If there’s no way to build LLVM OpenMP so that it only uses pthreads I’ll have to look at alternatives, probably starting by looking at how libarcher sits between OpenMP and TSAN.

libarcher understands OpenMP synchronization semantics and injects them to TSAN by calling the annotation functions AnnotateHappensBefore, AnnotateHappensAfter, AnnotateIgnoreWritesBegin, AnnotateIgnoreWritesEnd.

Because libarcher should be dynamically loadable and not fail for some missing functions, all function calls are done using function pointers after lookup with dlsym.

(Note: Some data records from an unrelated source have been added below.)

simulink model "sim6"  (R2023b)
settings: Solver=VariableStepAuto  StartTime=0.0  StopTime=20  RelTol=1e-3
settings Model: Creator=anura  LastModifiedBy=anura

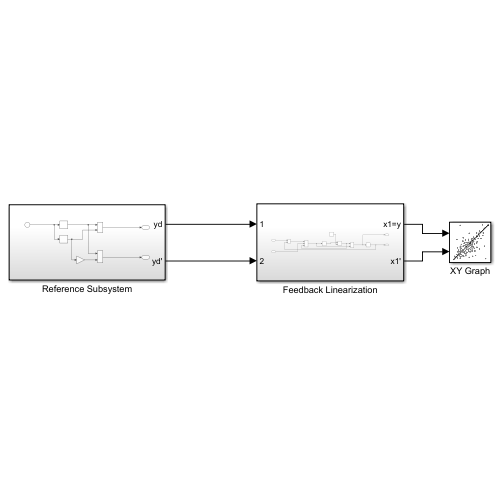
[thumbnail: Simulink's stored preview of the top-level diagram]
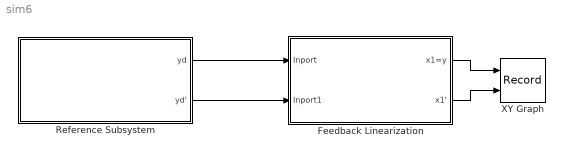
== system sim6 ==
  Feedback Linearization : Subsystem
  Reference Subsystem : Subsystem
  XY Graph : Record  FileSettingsInternal="{\"entries\":[{\"content\":{\"excelSettings\":{\"content\":{},\"type\":\"Streamout.ExcelSettings\"}},\"type\":\"Streamout.FileSettingStorage\",\"uuid\":\"\"}],\"packageUris\":[\"http:\\/\\/schema.mathworks.com\\/mf0\\/streamout_blocks\\/R2020a\"],\"version\":\"1.0\"}"  Layout=[1 1]  SignalsInternal="{\"entries\":[{\"content\":{\"signals\":[{\"content\":{\"blockPath\":[],\"dimensions\":[1],\"domain\":\"\",\"lineColor\":\"#a2142f\",\"plots\":[1],\"port\":1,\"sid\":[\"\"],\"signalID\":444,\"signalName\":\"Feedback Linearization:1\"},\"type\":\"RecordBlkView.Signal\",\"uuid\":\"\"},{\"content\":{\"blockPath\":[],\"dimensions\":[1],\"domain\":\"\",\"lineColor\":\"#139fff\",\"plots\":[1],\"port\":2,\"sid\":[\"\"],\"signalID\":448,\"signalName\":\"Feedback Linearization:2\"},\"type\":\"RecordBlkView.Signal\",\"uuid\":\"\"}]},\"type\":\"RecordBlkView.InputSignals\",\"uuid\":\"\"}],\"packageUris\":[\"http:\\/\\/schema.mathworks.com\\/mf0\\/streamout_blocks\\/R2020a\"],\"version\":\"1.0\"}"  VisualizationBindings="{\"xyplotplugin\":{\"info\":[{\"series\":[{\"bindingParametersList\":[{\"parameter\":\"X-Axis\",\"signalID\":444,\"signalName\":\"Feedback Linearization:1\"},{\"parameter\":\"Y-Axis\",\"signalID\":448,\"signalName\":\"Feedback Linearization:2\"}],\"seriesID\":46414}],\"subplotID\":1}]}}"  CompatibilityTag=XY
  wires:
  Reference Subsystem/1(yd) -> Feedback Linearization/1(Inport)
  Reference Subsystem/2(yd') -> Feedback Linearization/2(Inport1)
  Feedback Linearization/1(x1=y) -> XY Graph/1
  Feedback Linearization/2(x1') -> XY Graph/2

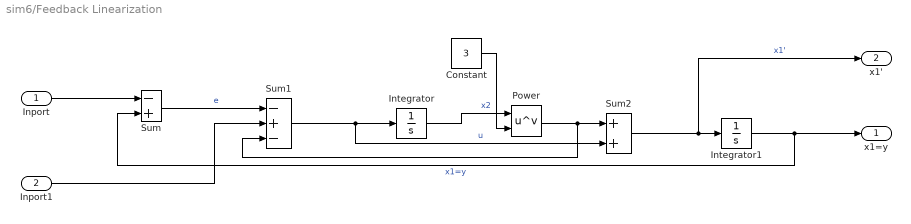
== system sim6/Feedback Linearization ==
  Inport : Inport
  Inport1 : Inport  Port=2
  Constant : Constant  Value=3
  Integrator : Integrator
  Integrator1 : Integrator
  Power : Math  Operator=pow
  Sum : Sum  Inputs=-+
  Sum1 : Sum  Inputs=-+-
  Sum2 : Sum
  x1=y : Outport
  x1' : Outport  Port=2
  wires:
  Inport/1 -> Sum/1
  Sum/1 -> Sum1/1  "e"
  Inport1/1 -> Sum1/2
  Sum1/1 -> Sum2/2, Integrator/1  "u"
  Sum2/1 -> x1'/1, Integrator1/1  "x1'"
  Integrator1/1 -> Sum/2, x1=y/1  "x1=y"
  Power/1 -> Sum1/3, Sum2/1
  Integrator/1 -> Power/1  "x2"
  Constant/1 -> Power/2

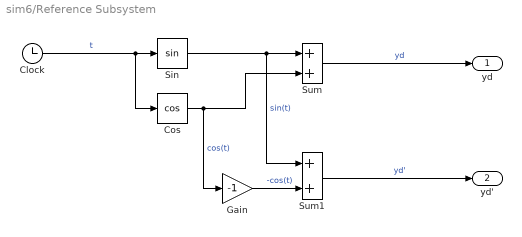
== system sim6/Reference Subsystem ==
  Clock : Clock
  Cos : Trigonometry  Operator=cos
  Gain : Gain  Gain=-1
  Sin : Trigonometry
  Sum : Sum
  Sum1 : Sum
  yd : Outport
  yd' : Outport  Port=2
  wires:
  Sin/1 -> Sum1/1, Sum/1  "sin(t)"
  Cos/1 -> Gain/1, Sum/2  "cos(t)"
  Sum/1 -> yd/1  "yd"
  Sum1/1 -> yd'/1  "yd'"
  Clock/1 -> Cos/1, Sin/1  "t"
  Gain/1 -> Sum1/2  "-cos(t)"

In the current version, if a function is not available (like in the valgrind setup), the pointer points to a template function: llvm-project/openmp/tools/archer/ompt-tsan.cpp at main · llvm/llvm-project · GitHub

This means, that in the current version, you would not be able to distinguish happensBefore from happensAfter calls.

The second issue with the current version is that it always deregisters itself, if TSan is not present. We can easily workaround this issue by adding an env variable.